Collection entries
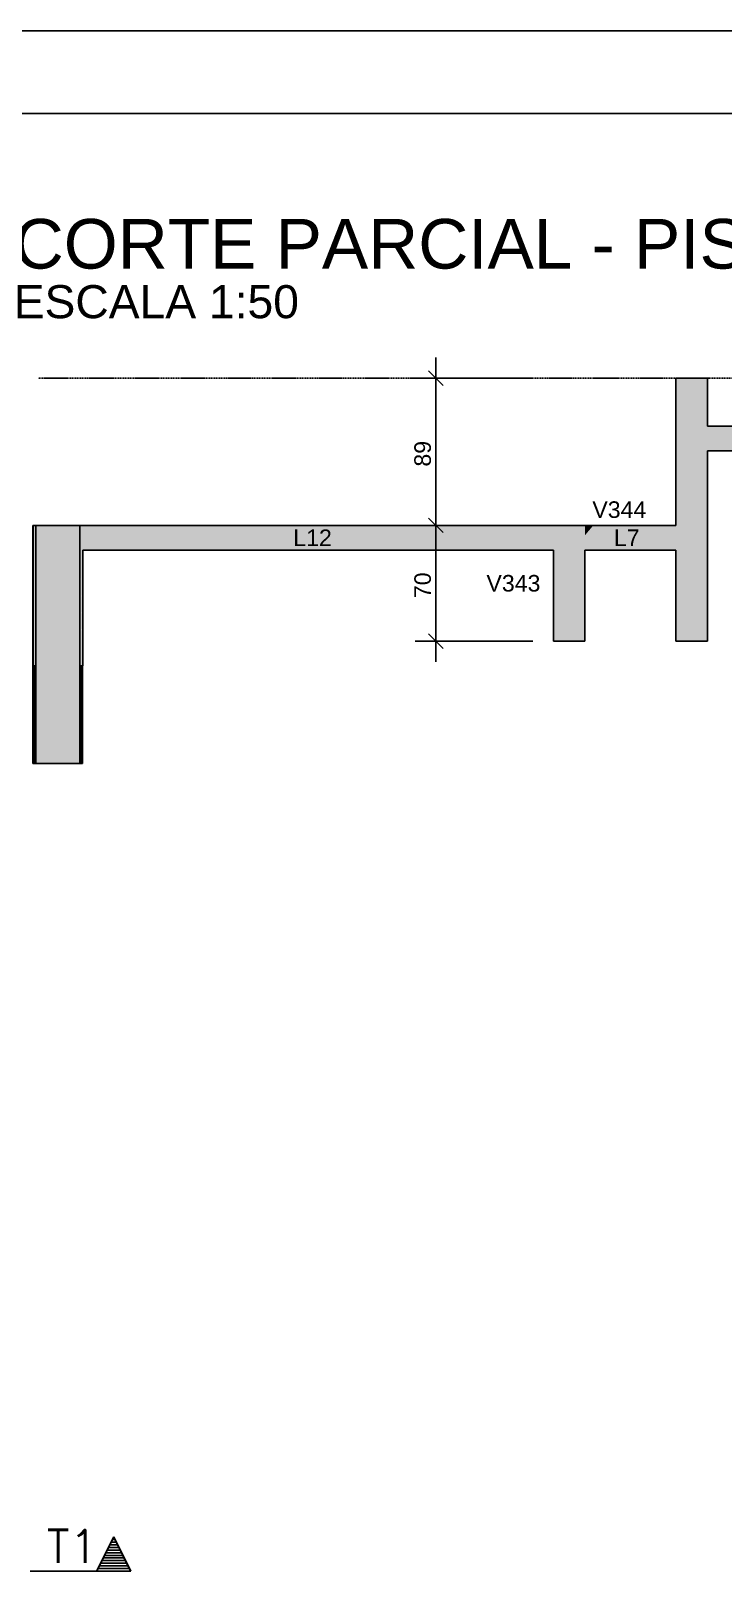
# Model space of a CAD drawing. Extents: x 37185 to 43130, y -8135 to -3930.
# Drawn here: x 40636 to 41055, y -4862 to -3930 of the extents above; entities that cross this region are included whole.
import ezdxf

# ---------------------------------------------------------------- set-up
doc = ezdxf.new("R2010")
doc.units = 0
doc.header["$MEASUREMENT"] = 0
doc.linetypes.add('ESTILO_TQS_0001', pattern=[1, 0.7, -0.3])
doc.layers.get('0').update_dxf_attribs({"linetype": 'CONTINUOUS'})
for name, color, linetype in [('221', 11, 'CONTINUOUS'), ('32', 7, 'CONTINUOUS'), ('35', 7, 'CONTINUOUS'), ('48', 4, 'CONTINUOUS'), ('52', 3, 'CONTINUOUS'), ('55', 12, 'CONTINUOUS'), ('68', 4, 'CONTINUOUS'), ('74', 2, 'CONTINUOUS'), ('75', 9, 'CONTINUOUS'), ('79', 12, 'CONTINUOUS'), ('95', 7, 'CONTINUOUS'), ('96', 252, 'CONTINUOUS')]:
    doc.layers.add(name, color=color, linetype=linetype)
doc.styles.get("Standard").update_dxf_attribs({"font": 'ROMANS.SHX'})
doc.styles.add('TQS_ARIAL', font='arial.ttf')

# ---------------------------------------------------------------- blocks, each defined once
blk = doc.blocks.new('_CORTEA')
for p, q in [((-1.215955, 0), (-1.008539, 0.414832)), ((-1.213134, 0.001738), (-1.008539, 0.41093)), ((-1.022543, 0.382922), (-0.994535, 0.382922)), ((-1.008539, 0.414832), (-0.801992, 0.001738)), ((-1.008539, 0.410929), (-0.803943, 0.001739)), ((-1.11827, 0.191461), (-0.898806, 0.191461)), ((-1.102411, 0.223182), (-0.91476, 0.223369)), ((-1.086361, 0.255281), (-0.930716, 0.255281)), ((-1.070407, 0.287191), (-0.946671, 0.287191)), ((-1.054453, 0.319101), (-0.962626, 0.319101)), ((-1.038497, 0.351012), (-0.978581, 0.351012)), ((0, 0), (-1.215955, 0)), ((-1.213134, 0.001739), (0, 0.001739)), ((-1.198048, 0.03191), (-0.819029, 0.03191)), ((-1.182092, 0.06382), (-0.834984, 0.06382)), ((-1.166137, 0.09573), (-0.85094, 0.09573)), ((-1.150182, 0.12764), (-0.866895, 0.12764)), ((-1.134225, 0.159551), (-0.882851, 0.159551))]:
    blk.add_line(p, q)
at = {"layer": '79'}
blk.add_lwpolyline([(-1.213134, 0.001739), (-1.008539, 0.410929), (-0.803943, 0.001739), (-1.213134, 0.001739)], dxfattribs=at)
blk = doc.blocks.new('CTR_PARC')
at = {"layer": '221', "color": 12, "xscale": -50, "yscale": 50}
blk.add_blockref('_CORTEA', (50848.15, -4050.6), dxfattribs=at)
at = {"layer": '221', "color": 12}
blk.add_text('T1', height=20, dxfattribs=at).set_placement((50858.15, -4045.6))

msp = doc.modelspace()

# ---------------------------------------------------------------- linework, layer by layer
at = {"layer": '48', "linetype": 'Continuous'}
for p, q in [((40637.78684, -4229.32001), (40637.78684, -4373.22481)), ((40637.84064, -4229.32001), (40637.78684, -4229.32001)), ((40639.54724, -4229.32001), (40639.51149, -4229.32001)), ((40666.06219, -4229.32001), (40666.02649, -4229.32001)), ((40638.69144, -4373.22481), (40638.69144, -4314.32001)), ((40638.69144, -4314.32001), (40638.69144, -4373.22481)), ((40639.54724, -4336.09751), (40639.54724, -4314.32001)), ((40666.88224, -4373.22481), (40666.88224, -4314.32001)), ((40666.88224, -4314.32001), (40666.88224, -4373.22481)), ((40667.78684, -4373.22481), (40667.78684, -4314.32001)), ((40639.54724, -4373.22481), (40639.54724, -4336.09751)), ((40637.78684, -4373.22481), (40638.69144, -4373.22481)), ((40638.69144, -4373.22481), (40639.54724, -4373.22481)), ((40641.29619, -4373.22481), (40641.29619, -4373.22481)), ((40641.29619, -4373.22481), (40641.29619, -4373.22481)), ((40666.02649, -4373.22481), (40666.88224, -4373.22481)), ((40666.88224, -4373.22481), (40667.78684, -4373.22481))]:
    msp.add_line(p, q, dxfattribs=at)
at = {"layer": '52', "linetype": 'Continuous'}
for points in [[(41045.34194, -4140.32001), (41039.43639, -4140.32001), (41026.34194, -4140.32001)], [(41026.34194, -4140.32001), (41026.34194, -4189.74026), (41026.34194, -4229.32001)], [(41045.34194, -4169.32001), (41045.34194, -4140.32001)], [(41345.34029, -4169.32001), (41339.43469, -4169.32001), (41326.34029, -4169.32001), (41239.00054, -4169.32001), (41045.34194, -4169.32001)], [(41045.34194, -4299.32001), (41045.34194, -4249.89971), (41045.34194, -4208.14386), (41045.34194, -4184.32001)], [(41045.34194, -4184.32001), (41165.20604, -4184.32001), (41252.54579, -4184.32001), (41326.34029, -4184.32001)], [(40639.51149, -4229.32001), (40638.92864, -4229.32001), (40638.73229, -4229.32001), (40638.69144, -4229.32001), (40638.04364, -4229.32001), (40637.84064, -4229.32001)], [(40637.84064, -4229.32001), (40637.84064, -4242.98186), (40637.84064, -4314.32001)], [(40639.51149, -4314.32001), (40639.51149, -4299.08381), (40639.51149, -4244.55621), (40639.51149, -4229.32001)], [(40639.54724, -4229.32001), (40639.54724, -4245.49021), (40639.54724, -4314.32001), (40639.54724, -4373.22481)], [(40666.02649, -4229.32001), (40664.27754, -4229.32001), (40663.39344, -4229.32001), (40660.28684, -4229.32001), (40658.52709, -4229.32001), (40655.39159, -4229.32001), (40652.78684, -4229.32001), (40650.18214, -4229.32001), (40647.04659, -4229.32001), (40645.28684, -4229.32001), (40642.18024, -4229.32001), (40641.29619, -4229.32001), (40639.54724, -4229.32001)], [(40666.02649, -4373.22481), (40666.02649, -4314.32001), (40666.02649, -4298.14981), (40666.02649, -4229.32001)], [(41026.34194, -4229.32001), (40976.44929, -4229.32001), (40971.34064, -4229.32001), (40952.34064, -4229.32001), (40835.45449, -4229.32001), (40667.84064, -4229.32001), (40667.78684, -4229.32001), (40667.73309, -4229.32001), (40666.88224, -4229.32001), (40666.84144, -4229.32001), (40666.64504, -4229.32001), (40666.06219, -4229.32001)], [(40666.06219, -4229.32001), (40666.06219, -4299.08381), (40666.06219, -4314.32001)], [(40667.84064, -4314.32001), (40667.84064, -4300.65811), (40667.84064, -4244.32001)], [(40667.84064, -4244.32001), (40675.72689, -4244.32001), (40760.25194, -4244.32001), (40846.28009, -4244.32001), (40952.34064, -4244.32001)], [(40952.34064, -4244.32001), (40952.34064, -4299.32001)], [(40971.34064, -4299.32001), (40971.34064, -4277.56266), (40971.34064, -4271.06086), (40971.34064, -4244.32001)], [(40971.34064, -4244.32001), (40988.43609, -4244.32001), (40993.54479, -4244.32001), (41026.34194, -4244.32001)], [(41026.34194, -4244.32001), (41026.34194, -4299.32001)], [(40952.34064, -4299.32001), (40963.67029, -4299.32001), (40969.57584, -4299.32001), (40971.34064, -4299.32001)], [(41026.34194, -4299.32001), (41034.44669, -4299.32001), (41040.35224, -4299.32001), (41045.34194, -4299.32001)], [(40637.84064, -4314.32001), (40638.02344, -4314.32001), (40638.04364, -4314.32001), (40638.69144, -4314.32001), (40638.73229, -4314.32001), (40638.91529, -4314.32001), (40638.92864, -4314.32001), (40639.04859, -4314.32001), (40639.37269, -4314.32001), (40639.51149, -4314.32001)], [(40666.06219, -4314.32001), (40666.25029, -4314.32001), (40666.64504, -4314.32001), (40666.67299, -4314.32001), (40666.84144, -4314.32001), (40666.88224, -4314.32001), (40667.11884, -4314.32001), (40667.73309, -4314.32001), (40667.75039, -4314.32001), (40667.78684, -4314.32001), (40667.84064, -4314.32001)], [(40639.54724, -4373.22481), (40640.19364, -4373.22481), (40641.29619, -4373.22481), (40641.60459, -4373.22481), (40643.33544, -4373.22481), (40645.28684, -4373.22481), (40645.66739, -4373.22481), (40649.24009, -4373.22481), (40650.18214, -4373.22481), (40655.39159, -4373.22481), (40655.95464, -4373.22481), (40660.28684, -4373.22481), (40664.27754, -4373.22481), (40666.02649, -4373.22481)]]:
    msp.add_lwpolyline(points, dxfattribs=at)
at = {"layer": '68', "linetype": 'ESTILO_TQS_0001'}
msp.add_lwpolyline([(42979.94304, -4140.32001), (40640.92559, -4140.32001)], dxfattribs=at)
at = {"layer": '75', "linetype": 'Continuous'}
for p, q in [((40881.24824, -4127.82001), (40881.24824, -4241.82001)), ((40939.15769, -4140.32001), (40868.74824, -4140.32001)), ((40876.82884, -4135.90056), (40885.66764, -4144.73941)), ((40951.65769, -4140.32001), (40951.65769, -4140.32001)), ((41045.34194, -4140.32001), (41045.34194, -4140.32001)), ((40881.24824, -4216.82001), (40881.24824, -4311.82001)), ((40876.82884, -4224.90056), (40885.66764, -4233.73941)), ((40876.82884, -4224.90056), (40885.66764, -4233.73941)), ((40939.84064, -4229.32001), (40868.74824, -4229.32001)), ((40939.84064, -4229.32001), (40868.74824, -4229.32001)), ((40952.34064, -4229.32001), (40952.34064, -4229.32001)), ((40952.34064, -4229.32001), (40952.34064, -4229.32001)), ((40939.84064, -4299.32001), (40868.74824, -4299.32001)), ((40876.82884, -4294.90056), (40885.66764, -4303.73941)), ((40952.34064, -4299.32001), (40952.34064, -4299.32001))]:
    msp.add_line(p, q, dxfattribs=at)
at = {"layer": '95', "linetype": 'Continuous'}
for p, q in [((37184.54454, -3930.36966), (43129.54464, -3930.36966)), ((37309.54454, -3980.36966), (43079.54464, -3980.36966))]:
    msp.add_line(p, q, dxfattribs=at)
at = {"layer": '96', "linetype": 'Continuous'}
for points in [[(41039.43639, -4140.32001), (41026.34194, -4140.32001), (41026.34194, -4189.74026)], [(41039.43639, -4140.32001), (41026.34194, -4189.74026), (41039.43639, -4140.32001)], [(41039.43639, -4140.32001), (41026.34194, -4189.74026), (41026.34194, -4231.49616)], [(41039.43639, -4140.32001), (41026.34194, -4231.49616), (41039.43639, -4140.32001)], [(41039.43639, -4140.32001), (41026.34194, -4231.49616), (41026.34194, -4299.32001)], [(41039.43639, -4140.32001), (41026.34194, -4299.32001), (41039.43639, -4140.32001)], [(41039.43639, -4140.32001), (41026.34194, -4299.32001), (41034.44669, -4299.32001)], [(41039.43639, -4140.32001), (41034.44669, -4299.32001), (41039.43639, -4140.32001)], [(41039.43639, -4140.32001), (41034.44669, -4299.32001), (41040.35224, -4299.32001)], [(41039.43639, -4140.32001), (41040.35224, -4299.32001), (41039.43639, -4140.32001)], [(41039.43639, -4140.32001), (41040.35224, -4299.32001), (41045.34194, -4299.32001)], [(41039.43639, -4140.32001), (41045.34194, -4299.32001), (41039.43639, -4140.32001)], [(41039.43639, -4140.32001), (41045.34194, -4299.32001), (41045.34194, -4249.89971)], [(41039.43639, -4140.32001), (41045.34194, -4249.89971), (41039.43639, -4140.32001)], [(41039.43639, -4140.32001), (41045.34194, -4249.89971), (41045.34194, -4208.14386)], [(41039.43639, -4140.32001), (41045.34194, -4208.14386), (41039.43639, -4140.32001)], [(41039.43639, -4140.32001), (41045.34194, -4208.14386), (41045.34194, -4140.32001)], [(41039.43639, -4140.32001), (41045.34194, -4140.32001), (41039.43639, -4140.32001)], [(41239.00054, -4169.32001), (41045.34194, -4169.32001), (41045.34194, -4173.98231)], [(41239.00054, -4169.32001), (41045.34194, -4173.98231), (41239.00054, -4169.32001)], [(41239.00054, -4169.32001), (41045.34194, -4173.98231), (41045.34194, -4177.92151)], [(41239.00054, -4169.32001), (41045.34194, -4177.92151), (41239.00054, -4169.32001)], [(41239.00054, -4169.32001), (41045.34194, -4177.92151), (41045.34194, -4184.32001)], [(41239.00054, -4169.32001), (41045.34194, -4184.32001), (41239.00054, -4169.32001)], [(41239.00054, -4169.32001), (41045.34194, -4184.32001), (41165.20604, -4184.32001)], [(40638.04364, -4229.32001), (40637.84064, -4229.32001), (40637.84064, -4242.98186)], [(40638.04364, -4229.32001), (40637.84064, -4242.98186), (40638.04364, -4229.32001)], [(40638.04364, -4229.32001), (40637.84064, -4242.98186), (40637.84064, -4314.32001)], [(40638.04364, -4229.32001), (40637.84064, -4314.32001), (40638.04364, -4229.32001)], [(40638.04364, -4229.32001), (40637.84064, -4314.32001), (40638.04364, -4314.32001)], [(40638.04364, -4229.32001), (40638.04364, -4314.32001), (40638.04364, -4229.32001)], [(40638.04364, -4229.32001), (40638.04364, -4314.32001), (40638.92864, -4314.32001)], [(40638.04364, -4229.32001), (40638.92864, -4314.32001), (40638.04364, -4229.32001)], [(40638.04364, -4229.32001), (40638.92864, -4314.32001), (40639.04859, -4314.32001)], [(40638.04364, -4229.32001), (40639.04859, -4314.32001), (40638.04364, -4229.32001)], [(40638.04364, -4229.32001), (40639.04859, -4314.32001), (40639.51149, -4314.32001)], [(40638.04364, -4229.32001), (40639.51149, -4314.32001), (40638.04364, -4229.32001)], [(40638.04364, -4229.32001), (40639.51149, -4314.32001), (40639.51149, -4299.08381)], [(40638.04364, -4229.32001), (40639.51149, -4299.08381), (40638.04364, -4229.32001)], [(40638.04364, -4229.32001), (40639.51149, -4299.08381), (40639.51149, -4229.32001)], [(40638.04364, -4229.32001), (40639.51149, -4229.32001), (40638.04364, -4229.32001)], [(40639.54724, -4229.32001), (40639.54724, -4373.22481), (40640.19364, -4373.22481)], [(40639.54724, -4229.32001), (40640.19364, -4373.22481), (40639.54724, -4229.32001)], [(40639.54724, -4229.32001), (40640.19364, -4373.22481), (40641.60459, -4373.22481)], [(40639.54724, -4229.32001), (40641.60459, -4373.22481), (40639.54724, -4229.32001)], [(40639.54724, -4229.32001), (40641.60459, -4373.22481), (40643.33544, -4373.22481)], [(40639.54724, -4229.32001), (40643.33544, -4373.22481), (40639.54724, -4229.32001)], [(40639.54724, -4229.32001), (40643.33544, -4373.22481), (40645.66739, -4373.22481)], [(40639.54724, -4229.32001), (40645.66739, -4373.22481), (40639.54724, -4229.32001)], [(40639.54724, -4229.32001), (40645.66739, -4373.22481), (40649.24009, -4373.22481)], [(40639.54724, -4229.32001), (40649.24009, -4373.22481), (40639.54724, -4229.32001)], [(40639.54724, -4229.32001), (40649.24009, -4373.22481), (40655.95464, -4373.22481)], [(40639.54724, -4229.32001), (40655.95464, -4373.22481), (40639.54724, -4229.32001)], [(40639.54724, -4229.32001), (40655.95464, -4373.22481), (40666.02649, -4373.22481)], [(40639.54724, -4229.32001), (40666.02649, -4373.22481), (40639.54724, -4229.32001)], [(40639.54724, -4229.32001), (40666.02649, -4373.22481), (40666.02649, -4229.32001)], [(40639.54724, -4229.32001), (40666.02649, -4229.32001), (40639.54724, -4229.32001)], [(40666.06219, -4229.32001), (40666.06219, -4314.32001), (40666.64504, -4314.32001)], [(40666.06219, -4229.32001), (40666.64504, -4314.32001), (40666.06219, -4229.32001)], [(40666.06219, -4229.32001), (40666.64504, -4314.32001), (40666.64504, -4314.32001)], [(40666.06219, -4229.32001), (40666.64504, -4314.32001), (40666.06219, -4229.32001)], [(40666.06219, -4229.32001), (40666.67299, -4314.32001), (40667.73309, -4314.32001)], [(40666.06219, -4229.32001), (40667.73309, -4314.32001), (40666.06219, -4229.32001)], [(40666.06219, -4229.32001), (40667.73309, -4314.32001), (40667.73309, -4314.32001)], [(40666.06219, -4229.32001), (40667.73309, -4314.32001), (40666.06219, -4229.32001)], [(40666.06219, -4229.32001), (40667.75039, -4314.32001), (40667.84064, -4314.32001)], [(40666.06219, -4229.32001), (40667.84064, -4314.32001), (40666.06219, -4229.32001)], [(40666.06219, -4229.32001), (40667.84064, -4314.32001), (40667.84064, -4300.65811)], [(40666.06219, -4229.32001), (40667.84064, -4300.65811), (40666.06219, -4229.32001)], [(40666.06219, -4229.32001), (40667.84064, -4300.65811), (40667.84064, -4229.32001)], [(40666.06219, -4229.32001), (40667.84064, -4229.32001), (40666.06219, -4229.32001)], [(40835.45449, -4229.32001), (40667.84064, -4229.32001), (40667.84064, -4231.69831)], [(40835.45449, -4229.32001), (40667.84064, -4231.69831), (40835.45449, -4229.32001)], [(40835.45449, -4229.32001), (40667.84064, -4231.69831), (40667.84064, -4244.32001)], [(40835.45449, -4229.32001), (40667.84064, -4244.32001), (40835.45449, -4229.32001)], [(40835.45449, -4229.32001), (40667.84064, -4244.32001), (40675.72689, -4244.32001)], [(40835.45449, -4229.32001), (40675.72689, -4244.32001), (40835.45449, -4229.32001)], [(40835.45449, -4229.32001), (40675.72689, -4244.32001), (40760.25194, -4244.32001)], [(40835.45449, -4229.32001), (40760.25194, -4244.32001), (40835.45449, -4229.32001)], [(40835.45449, -4229.32001), (40760.25194, -4244.32001), (40846.28009, -4244.32001)], [(40835.45449, -4229.32001), (40846.28009, -4244.32001), (40835.45449, -4229.32001)], [(40835.45449, -4229.32001), (40846.28009, -4244.32001), (40952.34064, -4244.32001)], [(40835.45449, -4229.32001), (40952.34064, -4244.32001), (40835.45449, -4229.32001)], [(40835.45449, -4229.32001), (40952.34064, -4244.32001), (40952.34064, -4239.91116)], [(40835.45449, -4229.32001), (40952.34064, -4239.91116), (40835.45449, -4229.32001)], [(40835.45449, -4229.32001), (40952.34064, -4239.91116), (40952.34064, -4238.55141)], [(40835.45449, -4229.32001), (40952.34064, -4238.55141), (40835.45449, -4229.32001)], [(40835.45449, -4229.32001), (40952.34064, -4238.55141), (40952.34064, -4229.32001)], [(40835.45449, -4229.32001), (40952.34064, -4229.32001), (40835.45449, -4229.32001)], [(40952.34064, -4229.32001), (40952.34064, -4299.32001), (40963.67029, -4299.32001)], [(40952.34064, -4229.32001), (40963.67029, -4299.32001), (40952.34064, -4229.32001)], [(40952.34064, -4229.32001), (40963.67029, -4299.32001), (40969.57584, -4299.32001)], [(40952.34064, -4229.32001), (40969.57584, -4299.32001), (40952.34064, -4229.32001)], [(40952.34064, -4229.32001), (40969.57584, -4299.32001), (40971.34064, -4299.32001)], [(40952.34064, -4229.32001), (40971.34064, -4299.32001), (40952.34064, -4229.32001)], [(40952.34064, -4229.32001), (40971.34064, -4299.32001), (40971.34064, -4277.56266)], [(40952.34064, -4229.32001), (40971.34064, -4277.56266), (40952.34064, -4229.32001)], [(40952.34064, -4229.32001), (40971.34064, -4277.56266), (40971.34064, -4271.06086)], [(40952.34064, -4229.32001), (40971.34064, -4271.06086), (40952.34064, -4229.32001)], [(40952.34064, -4229.32001), (40971.34064, -4271.06086), (40971.34064, -4229.32001)], [(40952.34064, -4229.32001), (40971.34064, -4229.32001), (40952.34064, -4229.32001)], [(40976.44929, -4229.32001), (40971.34064, -4229.32001), (40971.34064, -4233.98231)], [(40976.44929, -4229.32001), (40971.34064, -4233.98231), (40976.44929, -4229.32001)], [(40976.44929, -4229.32001), (40971.34064, -4233.98231), (40971.34064, -4235.37551)], [(40976.44929, -4229.32001), (40971.34064, -4235.37551), (40976.44929, -4229.32001)], [(40976.44929, -4229.32001), (40971.34064, -4235.37551), (40971.34064, -4244.32001)], [(40976.44929, -4229.32001), (40971.34064, -4244.32001), (40976.44929, -4229.32001)], [(40976.44929, -4229.32001), (40971.34064, -4244.32001), (40988.43609, -4244.32001)], [(40976.44929, -4229.32001), (40988.43609, -4244.32001), (40976.44929, -4229.32001)], [(40976.44929, -4229.32001), (40988.43609, -4244.32001), (40993.54479, -4244.32001)], [(40976.44929, -4229.32001), (40993.54479, -4244.32001), (40976.44929, -4229.32001)], [(40976.44929, -4229.32001), (40993.54479, -4244.32001), (41026.34194, -4244.32001)], [(40976.44929, -4229.32001), (41026.34194, -4244.32001), (40976.44929, -4229.32001)], [(40976.44929, -4229.32001), (41026.34194, -4244.32001), (41026.34194, -4239.65771)], [(40976.44929, -4229.32001), (41026.34194, -4239.65771), (40976.44929, -4229.32001)], [(40976.44929, -4229.32001), (41026.34194, -4239.65771), (41026.34194, -4235.71846)], [(40976.44929, -4229.32001), (41026.34194, -4235.71846), (40976.44929, -4229.32001)], [(40976.44929, -4229.32001), (41026.34194, -4235.71846), (41026.34194, -4229.32001)], [(40976.44929, -4229.32001), (41026.34194, -4229.32001), (40976.44929, -4229.32001)]]:
    msp.add_solid(points, dxfattribs=at)

# ---------------------------------------------------------------- block references
at = {"layer": '55', "linetype": 'Continuous'}
msp.add_blockref('CTR_PARC', (-10212.02599, -810.96199), dxfattribs=at)

# ---------------------------------------------------------------- texts
at = {"layer": '32', "linetype": 'Continuous', "style": 'TQS_ARIAL'}
msp.add_text('CORTE PARCIAL - PISCINA', height=30, dxfattribs=at).set_placement((40626.13759, -4074.11431))
at = {"layer": '35', "linetype": 'Continuous', "style": 'TQS_ARIAL'}
msp.add_text('ESCALA 1:50', height=20, dxfattribs=at).set_placement((40626.13759, -4104.11431))
at = {"layer": '74', "linetype": 'Continuous', "style": 'TQS_ARIAL'}
for s, p in [('V344', (40975.84194, -4224.82001)), ('L12', (40795.09064, -4241.82001)), ('L7', (40988.84129, -4241.82001)), ('V343', (40911.84064, -4269.32001))]:
    msp.add_text(s, height=10, dxfattribs=at).set_placement(p)
at = {"layer": '75', "linetype": 'Continuous', "style": 'TQS_ARIAL'}
for s, p in [('89', (40878.24824, -4193.82001)), ('70', (40878.24824, -4273.32001))]:
    msp.add_text(s, height=10, rotation=90, dxfattribs=at).set_placement(p)

doc.saveas('drawing.dxf')

TASK DETAILS – Using the entries above, find all lines with "styles". Copy them.

ANSWER TO THIS PROBLEM –
doc.styles.get("Standard").update_dxf_attribs({"font": 'ROMANS.SHX'})
doc.styles.add('TQS_ARIAL', font='arial.ttf')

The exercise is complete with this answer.